- Born: October 15, 1913
- Died: March 1, 1985 (71)
- Occupation: Commissioner of Parks

= Tommy Thompson (parks commissioner) =

Thomas William Thompson (October 15, 1913 – March 1, 1985) is best known as Metropolitan Toronto's first Commissioner of Parks (from 1955 until 1981). He is known and recognized nationally and internationally for his work and his sign "Please Walk on the Grass."

His most notable achievement was the conversion of the Toronto Island into an enormous park (including a private golf course). He proposed the 12 million dollar plan to level all the buildings and revitalize the area in 1963, and work was completed in 1968.

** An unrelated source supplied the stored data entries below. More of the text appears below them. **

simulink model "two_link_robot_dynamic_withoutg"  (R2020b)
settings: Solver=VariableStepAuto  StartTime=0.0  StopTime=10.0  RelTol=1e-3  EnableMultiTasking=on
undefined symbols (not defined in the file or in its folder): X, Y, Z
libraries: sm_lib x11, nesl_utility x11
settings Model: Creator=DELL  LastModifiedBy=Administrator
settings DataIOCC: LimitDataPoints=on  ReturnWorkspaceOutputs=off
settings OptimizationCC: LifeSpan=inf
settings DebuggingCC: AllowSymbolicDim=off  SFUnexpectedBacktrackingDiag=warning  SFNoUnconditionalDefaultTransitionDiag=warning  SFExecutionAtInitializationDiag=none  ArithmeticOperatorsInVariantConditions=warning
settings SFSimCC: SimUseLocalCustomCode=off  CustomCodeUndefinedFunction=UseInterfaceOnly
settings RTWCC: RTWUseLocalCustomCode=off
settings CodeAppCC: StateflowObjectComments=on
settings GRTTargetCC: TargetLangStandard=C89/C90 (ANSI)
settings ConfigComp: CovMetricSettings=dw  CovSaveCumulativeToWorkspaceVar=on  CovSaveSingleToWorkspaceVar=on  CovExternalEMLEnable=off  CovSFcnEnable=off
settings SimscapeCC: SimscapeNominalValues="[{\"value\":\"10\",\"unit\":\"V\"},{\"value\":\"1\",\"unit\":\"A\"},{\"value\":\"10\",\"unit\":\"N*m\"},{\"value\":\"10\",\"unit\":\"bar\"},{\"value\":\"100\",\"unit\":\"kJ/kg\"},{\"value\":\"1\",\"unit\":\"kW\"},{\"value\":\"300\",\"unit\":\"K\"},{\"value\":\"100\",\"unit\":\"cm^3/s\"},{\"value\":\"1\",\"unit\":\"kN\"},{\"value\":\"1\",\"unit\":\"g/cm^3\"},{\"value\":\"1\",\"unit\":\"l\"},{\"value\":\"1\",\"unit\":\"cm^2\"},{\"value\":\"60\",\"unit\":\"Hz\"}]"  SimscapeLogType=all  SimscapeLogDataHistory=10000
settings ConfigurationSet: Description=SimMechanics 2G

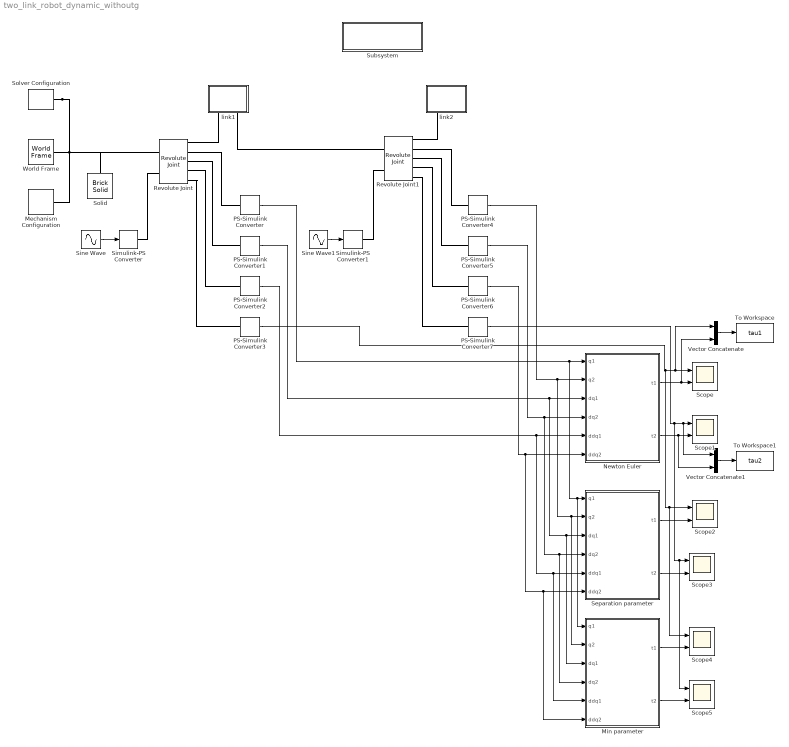
== system two_link_robot_dynamic_withoutg ==
  Mechanism Configuration : sm_lib/Utilities/Mechanism Configuration  UniformGravity=Constant  GravityVector=[0 0 0]  GravityVectorUnits=m/s^2  GravityUnits=m/s^2  LinearizationDelta=0.001  JointModeTransitionNonlinearIterations=2
  Min parameter : MATLAB Function  TreatAsAtomicUnit=on
  Newton Euler : MATLAB Function  TreatAsAtomicUnit=on
  PS-Simulink Converter{,1..7} (8 alike) : nesl_utility/PS-Simulink Converter  PhysicalDomain=network_engine_domain  SubClassName=ps_output  LeftPortType=input  RightPortType=output  PseudoPeriodic=off  Frequencies=[]  Unit=1  AffineConversion=off
  Revolute Joint : sm_lib/Joints/Revolute Joint  JointMode=Normal  SenseConstraintForce=off  SenseConstraintForceX=off  SenseConstraintForceY=off  SenseConstraintForceZ=off  SenseConstraintTorque=off  SenseConstraintTorqueX=off  SenseConstraintTorqueY=off  SenseConstraintTorqueZ=off  SenseTotalForce=off  SenseTotalForceX=off  SenseTotalForceY=off  SenseTotalForceZ=off  SenseTotalTorque=off  SenseTotalTorqueX=off  SenseTotalTorqueY=off  SenseTotalTorqueZ=off  CompositeWrenchDir=FollowerOnBase  CompositeWrenchFrame=BaseFrame  EquilibriumPosition=0  EquilibriumPositionUnits=deg  SpringStiffness=0  SpringStiffnessUnits=N*m/deg  DampingCoefficient=0  DampingCoefficientUnits=N*m/(deg/s)  TorqueActuationMode=ComputedTorque  MotionActuationMode=InputMotion  SensePosition=on  SenseVelocity=on  SenseAcceleration=on  SenseTorqueForce=on  SenseLowerLimitTorqueForce=off  SenseUpperLimitTorqueForce=off  LowerLimitSpecify=off  LowerLimitBound=-90  LowerLimitBoundUnits=deg  LowerLimitStiffness=1e4  LowerLimitStiffnessUnits=N*m/deg  LowerLimitDamping=10  LowerLimitDampingUnits=N*m/(deg/s)  LowerLimitTransitionRegionWidth=0.1  LowerLimitTransitionRegionWidthUnits=deg  UpperLimitSpecify=off  UpperLimitBound=90  UpperLimitBoundUnits=deg  UpperLimitStiffness=1e4  UpperLimitStiffnessUnits=N*m/deg  UpperLimitDamping=10  UpperLimitDampingUnits=N*m/(deg/s)  UpperLimitTransitionRegionWidth=0.1  UpperLimitTransitionRegionWidthUnits=deg  PositionTargetSpecify=off  PositionTargetPriority=High  PositionTargetValue=0  PositionTargetValueUnits=deg  VelocityTargetSpecify=off  VelocityTargetPriority=High  VelocityTargetValue=0  VelocityTargetValueUnits=deg/s
  Revolute Joint1 : sm_lib/Joints/Revolute Joint  JointMode=Normal  SenseConstraintForce=off  SenseConstraintForceX=off  SenseConstraintForceY=off  SenseConstraintForceZ=off  SenseConstraintTorque=off  SenseConstraintTorqueX=off  SenseConstraintTorqueY=off  SenseConstraintTorqueZ=off  SenseTotalForce=off  SenseTotalForceX=off  SenseTotalForceY=off  SenseTotalForceZ=off  SenseTotalTorque=off  SenseTotalTorqueX=off  SenseTotalTorqueY=off  SenseTotalTorqueZ=off  CompositeWrenchDir=FollowerOnBase  CompositeWrenchFrame=BaseFrame  EquilibriumPosition=0  EquilibriumPositionUnits=deg  SpringStiffness=0  SpringStiffnessUnits=N*m/deg  DampingCoefficient=0  DampingCoefficientUnits=N*m/(deg/s)  TorqueActuationMode=ComputedTorque  MotionActuationMode=InputMotion  SensePosition=on  SenseVelocity=on  SenseAcceleration=on  SenseTorqueForce=on  SenseLowerLimitTorqueForce=off  SenseUpperLimitTorqueForce=off  LowerLimitSpecify=off  LowerLimitBound=-90  LowerLimitBoundUnits=deg  LowerLimitStiffness=1e4  LowerLimitStiffnessUnits=N*m/deg  LowerLimitDamping=10  LowerLimitDampingUnits=N*m/(deg/s)  LowerLimitTransitionRegionWidth=0.1  LowerLimitTransitionRegionWidthUnits=deg  UpperLimitSpecify=off  UpperLimitBound=90  UpperLimitBoundUnits=deg  UpperLimitStiffness=1e4  UpperLimitStiffnessUnits=N*m/deg  UpperLimitDamping=10  UpperLimitDampingUnits=N*m/(deg/s)  UpperLimitTransitionRegionWidth=0.1  UpperLimitTransitionRegionWidthUnits=deg  PositionTargetSpecify=off  PositionTargetPriority=High  PositionTargetValue=0  PositionTargetValueUnits=deg  VelocityTargetSpecify=off  VelocityTargetPriority=High  VelocityTargetValue=0  VelocityTargetValueUnits=deg/s
  Scope{,1..5} (6 alike) : Scope  NumInputPorts=2
  Separation parameter : MATLAB Function  TreatAsAtomicUnit=on
  Simulink-PS Converter : nesl_utility/Simulink-PS Converter  PhysicalDomain=network_engine_domain  SubClassName=ps_input  LeftPortType=input  RightPortType=output  PseudoPeriodic=off  Frequencies=[]  NoiseDistribution=none  NoiseParameters=[]  Unit=1  AffineConversion=off  FilteringAndDerivatives=filter  SimscapeFilterOrder=2  InputFilterTimeConstant=0.001  UdotUserProvided=0
  Simulink-PS Converter1 : nesl_utility/Simulink-PS Converter  PhysicalDomain=network_engine_domain  SubClassName=ps_input  LeftPortType=input  RightPortType=output  PseudoPeriodic=off  Frequencies=[]  NoiseDistribution=none  NoiseParameters=[]  Unit=1  AffineConversion=off  FilteringAndDerivatives=filter  SimscapeFilterOrder=2  InputFilterTimeConstant=0.001  UdotUserProvided=0
  Sine Wave : Sin  Amplitude=2  Frequency=2  SampleTime=0
  Sine Wave1 : Sin  Frequency=3  SampleTime=0
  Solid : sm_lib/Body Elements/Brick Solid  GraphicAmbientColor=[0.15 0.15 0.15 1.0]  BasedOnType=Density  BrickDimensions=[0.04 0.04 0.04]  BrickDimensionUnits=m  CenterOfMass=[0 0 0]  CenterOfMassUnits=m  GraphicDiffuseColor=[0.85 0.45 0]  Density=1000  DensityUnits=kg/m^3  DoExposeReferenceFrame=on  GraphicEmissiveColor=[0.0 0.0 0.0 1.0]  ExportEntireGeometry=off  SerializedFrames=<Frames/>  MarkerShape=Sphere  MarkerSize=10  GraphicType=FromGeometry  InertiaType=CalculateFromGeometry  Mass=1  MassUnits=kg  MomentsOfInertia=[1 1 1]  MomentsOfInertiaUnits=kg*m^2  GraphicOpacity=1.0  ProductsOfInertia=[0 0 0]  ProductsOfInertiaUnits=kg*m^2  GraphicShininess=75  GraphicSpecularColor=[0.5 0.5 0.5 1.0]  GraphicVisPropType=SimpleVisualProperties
simulink model "x20240109_HVDCMMCInterconnection"  (R2023b)
settings: Solver=FixedStepDiscrete  StartTime=0.0  StopTime=2  FixedStep=Ts_Power  RelTol=1e-4  EnableMultiTasking=on
PreLoadFcn:
  | HVDCMMCInterconnectionParam
StartFcn:
  | tic
StopFcn:
  | toc
values from neighbouring files (symbols this model uses):
  C_PM = 1.758e-3    (= 0.001758)    [HVDCMMCInterconnectionParam.m]
  Cg = 50e-9    (= 5e-08)    [HVDCMMCInterconnectionParam.m]
  D_R = 0.001    [HVDCMMCInterconnectionParam.m]
  D_Rs = 1e8    (= 100000000)    [HVDCMMCInterconnectionParam.m]
  D_Vf = 0    [HVDCMMCInterconnectionParam.m]
  Fnom = 50    [HVDCMMCInterconnectionParam.m]
  HRM = 2    [HVDCMMCInterconnectionParam.m]
  Ki_Ireg = 6    [HVDCMMCInterconnectionParam.m]
  Ki_Preg = 1.0    (= 1)    [HVDCMMCInterconnectionParam.m]
  Ki_Qreg = 1.0    (= 1)    [HVDCMMCInterconnectionParam.m]
  Ki_VDCreg = 100    [HVDCMMCInterconnectionParam.m]
  Kp_Ireg = 0.6    [HVDCMMCInterconnectionParam.m]
  Kp_Preg = 0.5/3    (= 0.166666666667)    [HVDCMMCInterconnectionParam.m]
  Kp_Qreg = 0.5/3    (= 0.166666666667)    [HVDCMMCInterconnectionParam.m]
  Kp_VDCreg = 4    [HVDCMMCInterconnectionParam.m]
  L_cable = 15e-3    (= 0.015)    [HVDCMMCInterconnectionParam.m]
  Larm = Larm_pu*(Zb_ac/(2*pi*Fnom))    [HVDCMMCInterconnectionParam.m]
  Lff = Larm_pu/2    (= 0.075)    [HVDCMMCInterconnectionParam.m]
  Limits_Ireg = [ 2.0  -2.0]    [HVDCMMCInterconnectionParam.m]
  Limits_Preg = [ 1.2, 0.8 ]    [HVDCMMCInterconnectionParam.m]
  Limits_Qreg = [ 0.25, -0.25 ]    [HVDCMMCInterconnectionParam.m]
  Limits_VDCreg = [ 2.0  -2.0]    [HVDCMMCInterconnectionParam.m]
  Lxfo = 0.12    [HVDCMMCInterconnectionParam.m]
  Nb_PM = 36    [HVDCMMCInterconnectionParam.m]
  Pnom = 1000e6    (= 1000000000)    [HVDCMMCInterconnectionParam.m]
  R_cable = 0.5    [HVDCMMCInterconnectionParam.m]
  R_startup = 400    [HVDCMMCInterconnectionParam.m]
  Rarm = Rarm_pu*Zb_ac    [HVDCMMCInterconnectionParam.m]
  Rff = Rarm_pu/2    (= 0.00075)    [HVDCMMCInterconnectionParam.m]
  Rg = 100    [HVDCMMCInterconnectionParam.m]
  Rxfo = 0.003    [HVDCMMCInterconnectionParam.m]
  Slope_Pref = 0.5    [HVDCMMCInterconnectionParam.m]
  Slope_Qref = 0.5    [HVDCMMCInterconnectionParam.m]
  Slope_Vdc_ref = Vnom_dc/5    (= 128000)    [HVDCMMCInterconnectionParam.m]
  Tbrk1_On = 0.1    [HVDCMMCInterconnectionParam.m]
  Tbrk2_On = 1.0    (= 1)    [HVDCMMCInterconnectionParam.m]
  Tdeblock = 1.5    [HVDCMMCInterconnectionParam.m]
  Tfault = 9999    [HVDCMMCInterconnectionParam.m]
  Ton_Converter2 = 4    [HVDCMMCInterconnectionParam.m]
  Ton_PQreg = 4    [HVDCMMCInterconnectionParam.m]
  Ton_VDCreg = 1.5    [HVDCMMCInterconnectionParam.m]
  Ts = Ts_Control    (= 4e-05)    [HVDCMMCInterconnectionParam.m]
  Ts_Control = 40e-6    (= 4e-05)    [HVDCMMCInterconnectionParam.m]
  Ts_Power = 20e-6    (= 2e-05)    [HVDCMMCInterconnectionParam.m]
  Vb_ac = sqrt(2/3)*Vnom_sec    [HVDCMMCInterconnectionParam.m]
  Vb_dc = Vnom_dc    (= 640000)    [HVDCMMCInterconnectionParam.m]
  Vc0_PM = 0    [HVDCMMCInterconnectionParam.m]
  Vnom_dc = 640e3    (= 640000)    [HVDCMMCInterconnectionParam.m]
  Vnom_prim = 400e3    (= 400000)    [HVDCMMCInterconnectionParam.m]
  Vnom_sec = 333e3    (= 333000)    [HVDCMMCInterconnectionParam.m]
  w = 2*pi*Fnom    (= 314.159265359)    [HVDCMMCInterconnectionParam.m]
undefined symbols (not defined in the file or in its folder): DiscIntNeverNeededParam, gcbh, Pcc, S, sps_AC, sps_ACDC2, sps_rtmsupport
libraries: simulink x48, spsControlledVoltageSourceLib x30, spsCurrentMeasurementLib x30, MMC_Lib x30, spsDiodeLib x20, spsSeriesRLCBranchLib x14, powerlib_extras x12, spsVoltageMeasurementLib x12, spsSecondOrderFilterLib x8, spsabctodq0Lib x8, spsGroundLib x7, spsMeanLib x4
(part 3 of 9)

== system x20240109_HVDCMMCInterconnection/Gates ==
  Gain : Gain  Gain=0
  Mux : Mux  Inputs=[1 1 1 1 1 1 1 1 1 1 1 1 1 1]
  gates : Outport  VectorParamsAs1DForOutWhenUnconnected=off
  wires:
  Mux/1 -> Gain/1
  [T47_4275_3649146433913] -> Mux/1
  [T48_4324_3649669992407] -> Mux/2
  [T40_3529_2249035564301] -> Mux/3
  [T40_3547_2353536747378] -> Mux/4
  [T40_3533_2265623233840] -> Mux/5
  [T41_3600_2390188926951] -> Mux/6
  [T40_3531_2249723496385] -> Mux/7
  [T40_3549_2354145301308] -> Mux/8
  [T40_3535_2266295809333] -> Mux/9
  [T40_3553_2370553433949] -> Mux/10
  [T40_3533_2250552886404] -> Mux/11
  [T40_3551_2354895313173] -> Mux/12
  [T40_3537_2267109842763] -> Mux/13
  [T40_3555_2371288089224] -> Mux/14
  Gain/1 -> gates/1
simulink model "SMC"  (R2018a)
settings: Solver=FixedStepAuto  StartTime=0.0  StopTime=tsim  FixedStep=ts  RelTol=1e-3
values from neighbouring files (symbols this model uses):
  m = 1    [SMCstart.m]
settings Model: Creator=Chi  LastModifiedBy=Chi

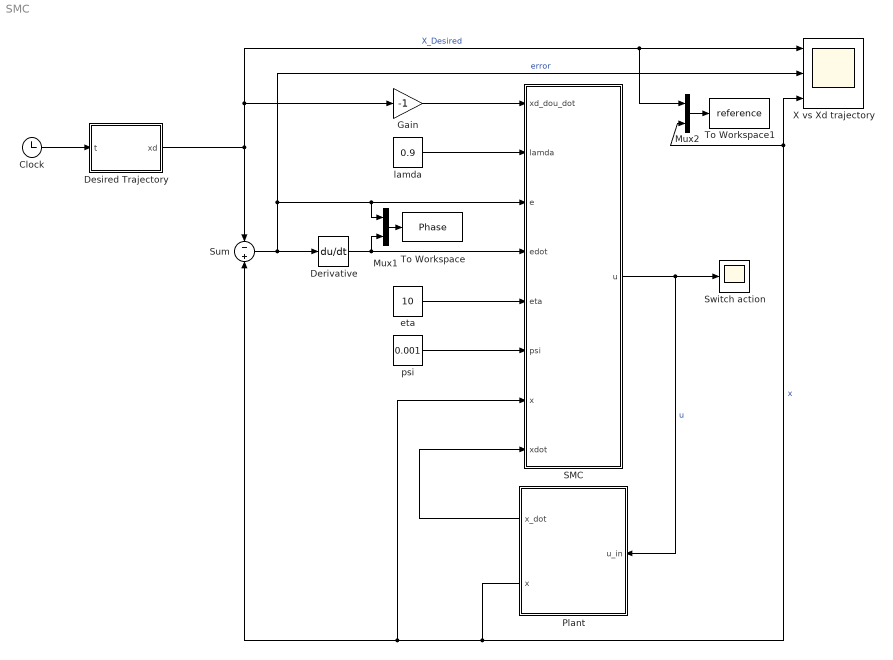
== system SMC ==
  Clock : Clock
  Derivative : Derivative
  Desired Trajectory : MATLAB Function  TreatAsAtomicUnit=on
  Gain : Gain  Gain=-1
  Mux1 : Mux  Inputs=2
  Mux2 : Mux  Inputs=2
  Plant : Subsystem
  SMC : MATLAB Function  TreatAsAtomicUnit=on
  Sum : Sum  Inputs=-+
  Switch action : Scope
  To Workspace : ToWorkspace  VariableName=Phase  SampleTime=-1
  To Workspace1 : ToWorkspace  VariableName=reference  SampleTime=-1
  X vs Xd trajectory : Scope  NumInputPorts=3
  eta : Constant  Value=10
  lamda : Constant  Value=0.9
  psi : Constant  Value=0.001
  wires:
  Clock/1 -> Desired Trajectory/1(t)
  Plant/2(x) -> SMC/7(x), Sum/2, Mux2/2, X vs Xd trajectory/3  "x"
  Desired Trajectory/1(xd) -> Gain/1, X vs Xd trajectory/1, Mux2/1, Sum/1  "X_Desired"
  SMC/1(u) -> Switch action/1, Plant/1(u_in)  "u"
  Sum/1 -> X vs Xd trajectory/2, SMC/3(e), Mux1/1, Derivative/1  "error"
  Derivative/1 -> Mux1/2, SMC/4(edot)
  lamda/1 -> SMC/2(lamda)
  Gain/1 -> SMC/1(xd_dou_dot)
  Plant/1(x_dot) -> SMC/8(xdot)
  eta/1 -> SMC/5(eta)
  Mux1/1 -> To Workspace/1
  psi/1 -> SMC/6(psi)
  Mux2/1 -> To Workspace1/1

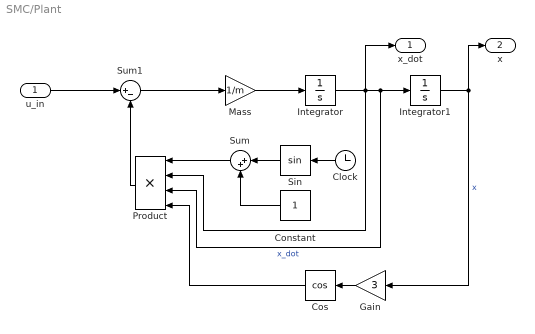
== system SMC/Plant ==
  u_in : Inport
  Clock : Clock
  Constant : Constant
  Cos : Trigonometry  Operator=cos
  Gain : Gain  Gain=3
  Integrator : Integrator
  Integrator1 : Integrator
  Mass : Gain  Gain=1/m
  Product : Product  Inputs=4
  Sin : Trigonometry
  Sum : Sum  Inputs=|++
  Sum1 : Sum  Inputs=|+-
  x_dot : Outport
  x : Outport  Port=2
  wires:
  Sum/1 -> Product/1
  Integrator/1 -> Product/3, Integrator1/1, x_dot/1, Product/2  "x_dot"
  Mass/1 -> Integrator/1
  Constant/1 -> Sum/2
  Sum1/1 -> Mass/1
  Sin/1 -> Sum/1
  Integrator1/1 -> x/1, Gain/1  "x"
  Clock/1 -> Sin/1
  Gain/1 -> Cos/1
  Product/1 -> Sum1/2
  u_in/1 -> Sum1/1
  Cos/1 -> Product/4

== matlab function SMC/SMC ==
  data: u output; xd_dou_dot input; lamda input; e input; edot input; eta input; psi input; x input; xdot input
function u = smc(xd_dou_dot, lamda, e, edot, eta, psi, x, xdot)

    % choose s to satisfy 1. s_dot contains u, 2. s goes to 0, error goes to 0
    s = edot + lamda * e;
    
    %f_hat is our estimation, what's a resaonable guess for our system?
    f_hat = 1.5 * xdot^2 * cos(3*x);
    
    % sliding condition: 1/2 * d(s^2)/dt =< eta * abs(s)
    % we want to make sure the state goes to s = 0
    % choose k = F + eta, F is the max uncertainty, like how good our estimation is
    k = 0.5 * xdot^2 * abs(cos(3*x)) + eta;  
    
    % u_hat would keep s_dot 0 if we knwo everything(knowing that f_hat = f)
    u_hat = - f_hat + xd_dou_dot - lamda * edot;
    
    %k*sign(s) pushing the state back to s = 0
    %u = u_hat - k* sign(s);
    
% Saturation control, this provide a smoother transition
    % thickness of the boundary layer, lower this value means more switching(less tolerance)
     
    
    if (abs(s) > psi)    
        sat_s = sign(s/psi);
    else
        sat_s = s/psi;
    end
    
    u = u_hat - k* sat_s;
    
    %u = 1.5 * xdot^2 * cos(3*x) + xd_dou_dot - lamda * edot - k * sat_s;
   

end

== matlab function SMC/Desired Trajectory ==
  data: t input; xd output
function xd = xdgenerator(t)

xd = sin(pi*t/2);

end

In 1983, the northern half of the Leslie Street Spit was renamed Tommy Thompson Park in his honour.

== Biography ==

Tommy Thompson was born in Toronto on October 15, 1913. The second son of Casa Loma head gardener Robert Thompson, he was born on the grounds of one of Toronto's most famous landmarks. He graduated from the Ontario Agricultural College in Botany in 1936. He became the horticulturist for the Toronto General Burying Grounds in 1936 and later worked as the Director of Research and Development for Cedarvale Tree Experts until he joined the Royal Canadian Air Force in 1943 as a navigator bombardier. Tommy Thompson was Superintendent of Parks and Recreation for the City of Port Arthur from 1946 to 1951. He returned to Toronto to become the Adviser on Parks and Recreation Facilities in the Community Services Branch of the Ontario Department of Education in 1951. Tommy Thompson joined the newly formed Metro government in 1955 where he was appointed the first Commissioner of Parks until his retirement in 1978. He acted as Interim General Director of the Metro Toronto Zoo from 1976 and continued as General Director from 1978 until his second retirement in 1981. He died on March 1, 1985, at Toronto Western Hospital following a battle with cancer.

Tommy married his wife Beryl in 1937. They had three sons, Barry, Thomas Bryce and Randy.